El nuevo plan contempla la incorporación de 2.200 controladores en 2026, 2.300 en 2027 y otros 2.400 en 2028, lo que supondría la entrada de cerca de 7.000 nuevos profesionales en apenas tres años. La FAA considera que este esfuerzo permitirá eliminar progresivamente el déficit de personal que viene arrastrando desde hace décadas y garantizar la sostenibilidad operativa del sistema nacional de espacio aéreo. La escasez de controladores se ha convertido en uno de los principales problemas estructurales de la aviación estadounidense. Actualmente, la FAA dispone de unos 11.000 controladores plenamente certificados repartidos por más de 300 instalaciones de control, mientras que otros 4.000 se encuentran en distintas fases de formación. Sin embargo, la elevada complejidad del proceso formativo y las jubilaciones previstas para los próximos años dificultan una recuperación rápida de las plantillas.
Uno de los mayores desafíos es que la formación de un controlador aéreo puede prolongarse durante más de dos años, dependiendo de la complejidad de la dependencia a la que sea destinado. Además, no todos los candidatos consiguen completar con éxito el proceso, lo que obliga a mantener un flujo constante de nuevas incorporaciones para compensar las bajas y las jubilaciones. Durante los últimos años, numerosos centros de control han tenido que recurrir de forma intensiva a las horas extraordinarias para mantener los niveles de servicio. Según datos oficiales, los controladores estadounidenses acumularon más de 2,2 millones de horas extra durante 2024, una cifra que refleja hasta qué punto el sistema ha dependido de la disponibilidad de sus profesionales para seguir funcionando con normalidad.

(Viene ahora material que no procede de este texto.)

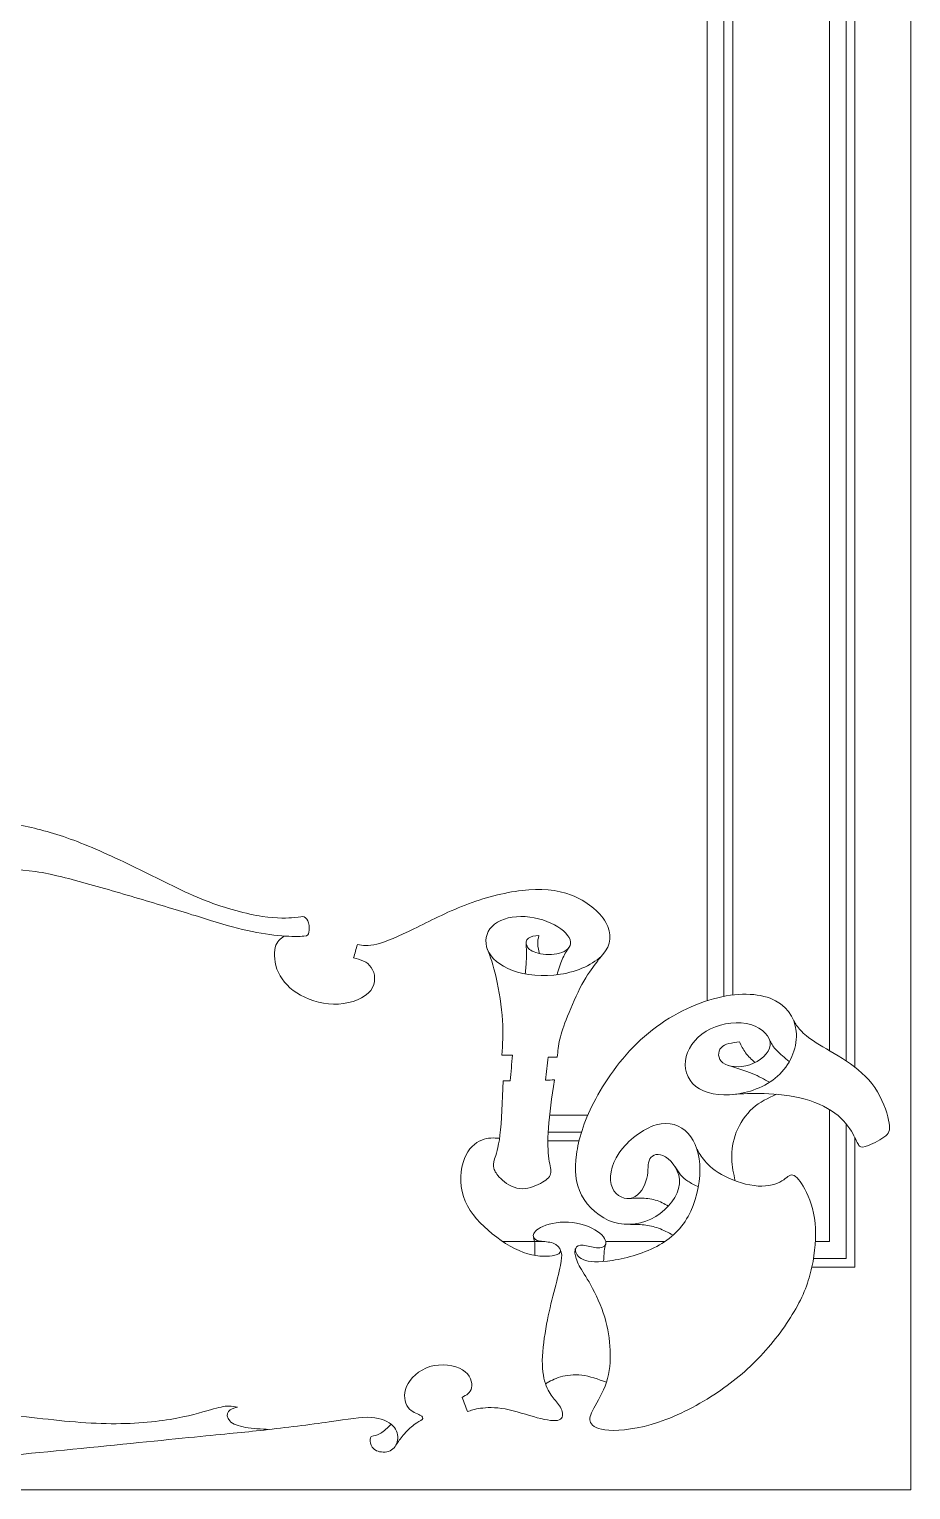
# Model space of a CAD drawing. Header units: millimetres. Extents: x 117 to 292, y -139 to 140.
# Drawn here: x 216.5 to 292.4, y -125.8 to 0 of the extents above; entities that cross this region are included whole.
import ezdxf

# ---------------------------------------------------------------- set-up
doc = ezdxf.new("R2010")
doc.units = ezdxf.units.MM
doc.header["$MEASUREMENT"] = 0
doc.layers.add('Layer 1', color=7, linetype='Continuous')

msp = doc.modelspace()

# ---------------------------------------------------------------- linework, layer by layer
at = {"layer": 'Layer 1', "lineweight": 20}
msp.add_lwpolyline([(117.2805, -125.8159), (292.3821, -125.8159), (292.3821, 139.5085), (117.2805, 139.5085), (117.2805, -125.8159)], close=True, dxfattribs=at)
for points in [[(287.5773, 97.4679), (287.5773, 97.4679), (287.5773, -89.4046), (287.5773, -89.4046)], [(286.8299, -88.8719), (286.8299, -88.8719), (286.8299, 96.7432), (286.8299, 96.7432)], [(285.3708, -87.9749), (285.3708, -87.9749), (285.3708, 95.4429), (285.3708, 95.4429)], [(276.2952, -83.3026), (276.2952, -83.3026), (276.2952, 89.608), (276.2952, 89.608)], [(277.0426, 90.0402), (277.0426, 90.0402), (277.0426, -83.1861), (277.0426, -83.1861)], [(274.8359, -83.6787), (274.8359, -83.6787), (274.8361, 88.7949), (274.8361, 88.7949)], [(277.0426, -89.3386), (277.0426, -89.3386), (277.0426, -89.3732), (277.0426, -89.3732)], [(285.3708, -104.4299), (285.3708, -104.4299), (285.3708, -93.0438), (285.3708, -93.0438)], [(262.8391, -93.5435), (262.8391, -93.5435), (261.2724, -93.5435), (261.2724, -93.5435)], [(264.5581, -93.5435), (264.5581, -93.5435), (262.8391, -93.5435), (262.8391, -93.5435)], [(286.8299, -105.889), (286.8299, -105.889), (286.8299, -94.3059), (286.8299, -94.3059)], [(264.017, -95.0027), (264.017, -95.0027), (261.1442, -95.0027), (261.1442, -95.0027)], [(262.8391, -95.0027), (262.8391, -95.0027), (264.017, -95.0027), (264.017, -95.0027)], [(263.812, -95.7501), (263.812, -95.7501), (261.1211, -95.7501), (261.1211, -95.7501)], [(260.8065, -104.4299), (260.8065, -104.4299), (257.2409, -104.4299), (257.2409, -104.4299)], [(271.1988, -104.4299), (271.1988, -104.4299), (266.1114, -104.4299), (266.1114, -104.4299)], [(285.3708, -104.4299), (285.3708, -104.4299), (284.1653, -104.4299), (284.1653, -104.4299)], [(286.8299, -105.889), (286.8299, -105.889), (283.998, -105.889), (283.998, -105.889)]]:
    msp.add_open_spline(points, degree=3, dxfattribs=at)
for points, knots in [([(211.0365, -72.6761), (211.5781, -72.5333), (212.1197, -72.3902), (213.1069, -72.3385), (213.1069, -72.3385), (214.0942, -72.2868), (215.5273, -72.3262), (217.007, -72.5503), (217.007, -72.5503), (218.4867, -72.7744), (220.0133, -73.1831), (221.6776, -73.6508), (221.6776, -73.6508), (223.342, -74.1186), (225.1445, -74.6456), (226.8482, -75.1577), (226.8482, -75.1577), (228.5519, -75.6698), (230.1573, -76.1672), (231.5557, -76.5955), (231.5557, -76.5955), (232.9542, -77.024), (234.146, -77.3834), (235.244, -77.632), (235.244, -77.632), (236.3421, -77.8807), (237.3467, -78.0187), (238.1986, -78.0876), (238.1986, -78.0876), (239.0505, -78.1565), (239.7498, -78.1565), (240.1166, -78.1148), (240.1166, -78.1148), (240.4834, -78.0729), (240.5181, -77.989), (240.5451, -77.7799), (240.5451, -77.7799), (240.5721, -77.5706), (240.5919, -77.2357), (240.5205, -76.9747), (240.5205, -76.9747), (240.4491, -76.7138), (240.2865, -76.5266), (240.124, -76.4602), (240.124, -76.4602), (239.9615, -76.3936), (239.799, -76.4479), (239.2722, -76.5021), (239.2722, -76.5021), (238.7453, -76.5562), (237.8539, -76.6104), (236.5244, -76.4085), (236.5244, -76.4085), (235.1949, -76.2066), (233.427, -75.7486), (231.5976, -75.0273), (231.5976, -75.0273), (229.7683, -74.3059), (227.8773, -73.3209), (225.9963, -72.3951), (225.9963, -72.3951), (224.1152, -71.4694), (222.2439, -70.6027), (220.5993, -69.97), (220.5993, -69.97), (218.9545, -69.3372), (217.5363, -68.9383), (216.1034, -68.6355), (216.1034, -68.6355), (214.6705, -68.3327), (213.2226, -68.1258), (212.1614, -68.0235), (212.1614, -68.0235), (211.1001, -67.9212), (210.4252, -67.9235), (209.7504, -67.9258)], [0, 0, 0, 0, 0.05, 0.05, 0.05, 0.05, 0.1, 0.1, 0.1, 0.1, 0.15, 0.15, 0.15, 0.15, 0.2, 0.2, 0.2, 0.2, 0.25, 0.25, 0.25, 0.25, 0.3, 0.3, 0.3, 0.3, 0.35, 0.35, 0.35, 0.35, 0.4, 0.4, 0.4, 0.4, 0.45, 0.45, 0.45, 0.45, 0.5, 0.5, 0.5, 0.5, 0.55, 0.55, 0.55, 0.55, 0.6, 0.6, 0.6, 0.6, 0.65, 0.65, 0.65, 0.65, 0.7, 0.7, 0.7, 0.7, 0.75, 0.75, 0.75, 0.75, 0.8, 0.8, 0.8, 0.8, 0.85, 0.85, 0.85, 0.85, 0.9, 0.9, 0.9, 0.9, 1, 1, 1, 1]), ([(238.4112, -78.1036), (238.0955, -78.328), (237.7798, -78.5525), (237.6465, -79.0882), (237.6465, -79.0882), (237.5133, -79.6238), (237.5626, -80.4709), (237.9122, -81.239), (237.9122, -81.239), (238.2618, -82.0072), (238.9118, -82.6967), (239.8326, -83.2013), (239.8326, -83.2013), (240.7535, -83.7061), (241.9453, -84.0262), (243.0975, -83.9598), (243.0975, -83.9598), (244.2498, -83.8932), (245.3626, -83.4402), (245.8649, -82.7927), (245.8649, -82.7927), (246.3672, -82.1452), (246.2588, -81.303), (245.9117, -80.8008), (245.9117, -80.8008), (245.5645, -80.2985), (244.9784, -80.1361), (244.3925, -79.9736), (244.3925, -79.9736), (244.5008, -79.5895), (244.6092, -79.2053), (244.7175, -78.8213), (244.7175, -78.8213), (245.1706, -78.9098), (245.6236, -78.9986), (246.4041, -78.7992), (246.4041, -78.7992), (247.1846, -78.5997), (248.2926, -78.1121), (249.5925, -77.4769), (249.5925, -77.4769), (250.8925, -76.8417), (252.3847, -76.0586), (253.9949, -75.4382), (253.9949, -75.4382), (255.6051, -74.8178), (257.3336, -74.3598), (258.9019, -74.1777), (258.9019, -74.1777), (260.4703, -73.9955), (261.8787, -74.089), (263.154, -74.5838), (263.154, -74.5838), (264.4293, -75.0787), (265.5719, -75.9751), (266.1135, -76.9254), (266.1135, -76.9254), (266.6552, -77.8758), (266.5961, -78.8803), (265.8526, -79.7027), (265.8526, -79.7027), (265.109, -80.525), (263.6809, -81.1653), (262.2012, -81.4016), (262.2012, -81.4016), (260.7215, -81.638), (259.19, -81.4705), (258.0673, -81.0618), (258.0673, -81.0618), (256.9446, -80.6531), (256.2305, -80.0031), (255.9399, -79.2915), (255.9399, -79.2915), (255.6493, -78.58), (255.7825, -77.8068), (256.3167, -77.2676), (256.3167, -77.2676), (256.8509, -76.7284), (257.7867, -76.4231), (258.796, -76.4182), (258.796, -76.4182), (259.8055, -76.4133), (260.8889, -76.7088), (261.6939, -77.1396), (261.6939, -77.1396), (262.499, -77.5705), (263.0261, -78.1368), (263.0778, -78.5996), (263.0778, -78.5996), (263.1295, -79.0625), (262.706, -79.422), (262.1249, -79.5845), (262.1249, -79.5845), (261.5439, -79.7471), (260.8051, -79.7125), (260.2832, -79.5845), (260.2832, -79.5845), (259.7613, -79.4566), (259.4559, -79.2349), (259.3279, -78.9814), (259.3279, -78.9814), (259.1998, -78.7278), (259.2491, -78.4421), (259.4485, -78.2846), (259.4485, -78.2846), (259.6479, -78.127), (259.9976, -78.0973), (260.3472, -78.0679), (260.3472, -78.0679), (260.293, -78.3041), (260.2389, -78.5407), (260.2489, -78.798), (260.2489, -78.798), (260.259, -79.0554), (260.3334, -79.3339), (260.4076, -79.6124)], [0, 0, 0, 0, 0.03333333, 0.03333333, 0.03333333, 0.03333333, 0.06666667, 0.06666667, 0.06666667, 0.06666667, 0.1, 0.1, 0.1, 0.1, 0.13333333, 0.13333333, 0.13333333, 0.13333333, 0.16666667, 0.16666667, 0.16666667, 0.16666667, 0.2, 0.2, 0.2, 0.2, 0.23333333, 0.23333333, 0.23333333, 0.23333333, 0.26666667, 0.26666667, 0.26666667, 0.26666667, 0.3, 0.3, 0.3, 0.3, 0.33333333, 0.33333333, 0.33333333, 0.33333333, 0.36666667, 0.36666667, 0.36666667, 0.36666667, 0.4, 0.4, 0.4, 0.4, 0.43333333, 0.43333333, 0.43333333, 0.43333333, 0.46666667, 0.46666667, 0.46666667, 0.46666667, 0.5, 0.5, 0.5, 0.5, 0.53333333, 0.53333333, 0.53333333, 0.53333333, 0.56666667, 0.56666667, 0.56666667, 0.56666667, 0.6, 0.6, 0.6, 0.6, 0.63333333, 0.63333333, 0.63333333, 0.63333333, 0.66666667, 0.66666667, 0.66666667, 0.66666667, 0.7, 0.7, 0.7, 0.7, 0.73333333, 0.73333333, 0.73333333, 0.73333333, 0.76666667, 0.76666667, 0.76666667, 0.76666667, 0.8, 0.8, 0.8, 0.8, 0.83333333, 0.83333333, 0.83333333, 0.83333333, 0.86666667, 0.86666667, 0.86666667, 0.86666667, 0.9, 0.9, 0.9, 0.9, 0.93333333, 0.93333333, 0.93333333, 0.93333333, 1, 1, 1, 1]), ([(265.7961, -79.7635), (265.6574, -79.935), (265.5187, -80.1067), (265.2303, -80.4878), (265.2303, -80.4878), (264.9418, -80.869), (264.5035, -81.4601), (264.0578, -82.2873), (264.0578, -82.2873), (263.6121, -83.1146), (263.1591, -84.1783), (262.8268, -85.0104), (262.8268, -85.0104), (262.4943, -85.8427), (262.2826, -86.4435), (262.1546, -86.9924), (262.1546, -86.9924), (262.0266, -87.5415), (261.9822, -88.039), (261.9379, -88.5362), (261.9379, -88.5362), (261.672, -88.5362), (261.406, -88.5362), (261.1401, -88.5362), (261.1401, -88.5362), (261.0712, -89.1961), (261.0022, -89.856), (260.9333, -90.5159), (260.9333, -90.5159), (261.1845, -90.511), (261.4356, -90.5059), (261.6868, -90.501), (261.6868, -90.501), (261.4701, -91.9832), (261.2534, -93.4655), (261.1673, -94.6399), (261.1673, -94.6399), (261.0811, -95.8143), (261.1254, -96.681), (261.214, -97.299), (261.214, -97.299), (261.3026, -97.917), (261.4357, -98.2864), (261.3544, -98.5966), (261.3544, -98.5966), (261.2731, -98.9068), (260.9777, -99.1579), (260.4902, -99.4165), (260.4902, -99.4165), (260.0027, -99.675), (259.3231, -99.941), (258.683, -99.8622), (258.683, -99.8622), (258.0428, -99.7834), (257.4421, -99.3598), (257.0679, -99.0028), (257.0679, -99.0028), (256.6935, -98.6458), (256.5458, -98.3553), (256.4769, -98.1141), (256.4769, -98.1141), (256.4079, -97.8728), (256.4178, -97.6806), (256.5311, -97.3139), (256.5311, -97.3139), (256.6443, -96.947), (256.861, -96.4052), (257.0013, -95.253), (257.0013, -95.253), (257.1417, -94.1007), (257.2058, -92.3378), (257.2698, -90.575), (257.2698, -90.575), (257.4766, -90.575), (257.6834, -90.575), (257.8902, -90.575), (257.8902, -90.575), (257.9492, -89.8364), (258.0083, -89.0976), (258.0674, -88.359), (258.0674, -88.359), (257.7621, -88.359), (257.4568, -88.359), (257.1515, -88.359), (257.1515, -88.359), (257.2253, -87.448), (257.2993, -86.5369), (257.2231, -85.3674), (257.2231, -85.3674), (257.1467, -84.198), (256.92, -82.7698), (256.6715, -81.6874), (256.6715, -81.6874), (256.423, -80.6049), (256.1524, -79.868), (255.8818, -79.1312)], [0, 0, 0, 0, 0.04, 0.04, 0.04, 0.04, 0.08, 0.08, 0.08, 0.08, 0.12, 0.12, 0.12, 0.12, 0.16, 0.16, 0.16, 0.16, 0.2, 0.2, 0.2, 0.2, 0.24, 0.24, 0.24, 0.24, 0.28, 0.28, 0.28, 0.28, 0.32, 0.32, 0.32, 0.32, 0.36, 0.36, 0.36, 0.36, 0.4, 0.4, 0.4, 0.4, 0.44, 0.44, 0.44, 0.44, 0.48, 0.48, 0.48, 0.48, 0.52, 0.52, 0.52, 0.52, 0.56, 0.56, 0.56, 0.56, 0.6, 0.6, 0.6, 0.6, 0.64, 0.64, 0.64, 0.64, 0.68, 0.68, 0.68, 0.68, 0.72, 0.72, 0.72, 0.72, 0.76, 0.76, 0.76, 0.76, 0.8, 0.8, 0.8, 0.8, 0.84, 0.84, 0.84, 0.84, 0.88, 0.88, 0.88, 0.88, 0.92, 0.92, 0.92, 0.92, 1, 1, 1, 1]), ([(259.1678, -81.3586), (259.2149, -80.945), (259.2622, -80.5312), (259.2772, -80.0905), (259.2772, -80.0905), (259.2922, -79.6496), (259.2747, -79.1814), (259.2575, -78.7134)], [0, 0, 0, 0, 0.33333333, 0.33333333, 0.33333333, 0.33333333, 1, 1, 1, 1]), ([(261.918, -81.4419), (262.053, -80.9734), (262.188, -80.5048), (262.3554, -80.1164), (262.3554, -80.1164), (262.5229, -79.728), (262.7229, -79.4197), (262.9228, -79.1114)], [0, 0, 0, 0, 0.33333333, 0.33333333, 0.33333333, 0.33333333, 1, 1, 1, 1]), ([(278.9722, -88.9998), (278.6783, -88.737), (278.3843, -88.474), (278.16, -88.1777), (278.16, -88.1777), (277.9355, -87.8813), (277.7806, -87.5513), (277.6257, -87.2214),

La FAA reconoce que esta situación no puede mantenerse indefinidamente. El organismo considera que el exceso de horas extraordinarias aumenta el riesgo de fatiga y dificulta la gestión eficiente de los recursos humanos. Por ello, el nuevo plan no se limita a contratar más personal, sino que incluye cambios en los modelos de planificación y programación de turnos para mejorar la utilización de las plantillas disponibles. La modernización tecnológica constituye el segundo gran pilar de la estrategia. La agencia pretende acelerar la implantación de herramientas avanzadas de planificación, simuladores de entrenamiento de nueva generación y sistemas basados en inteligencia artificial capaces de anticipar flujos de tráfico y optimizar la gestión del espacio aéreo. Según la FAA, estas tecnologías permitirán mejorar la eficiencia operativa y reducir la complejidad que actualmente afrontan muchos centros de control.
La transformación también incluye una revisión de los procedimientos de formación. La FAA está ampliando su programa de colaboración con universidades y centros técnicos especializados para aumentar el número de candidatos disponibles y reducir los tiempos de incorporación. Asimismo, pretende dirigir a los alumnos con mejores resultados hacia las instalaciones con mayores necesidades de personal y niveles de complejidad más elevados. El plan se produce en un contexto especialmente sensible para la aviación estadounidense. Durante los últimos años diversos incidentes operativos, problemas tecnológicos y restricciones de capacidad en algunos grandes aeropuertos han puesto de relieve la necesidad de reforzar tanto las plantillas como las infraestructuras. Las autoridades consideran que la combinación de más controladores, mejores herramientas tecnológicas y una planificación más eficiente será clave para evitar futuras interrupciones.
Sin embargo, algunos expertos advierten de que la contratación masiva por sí sola no resolverá inmediatamente el problema. Las jubilaciones previstas, la dificultad para completar la formación y las elevadas tasas de abandono en determinadas instalaciones podrían ralentizar la recuperación efectiva de las plantillas. Incluso con miles de nuevas incorporaciones, el sistema seguirá necesitando varios años para alcanzar niveles de dotación considerados óptimos. Lo que sí parece claro es que la FAA ha decidido abordar de forma decidida uno de los problemas más persistentes del sistema aeronáutico estadounidense. En un país que gestiona uno de los espacios aéreos más complejos y transitados del mundo, la capacidad para atraer, formar y retener controladores aéreos será determinante para mantener la seguridad, reducir retrasos y garantizar la eficiencia de la aviación comercial durante la próxima década.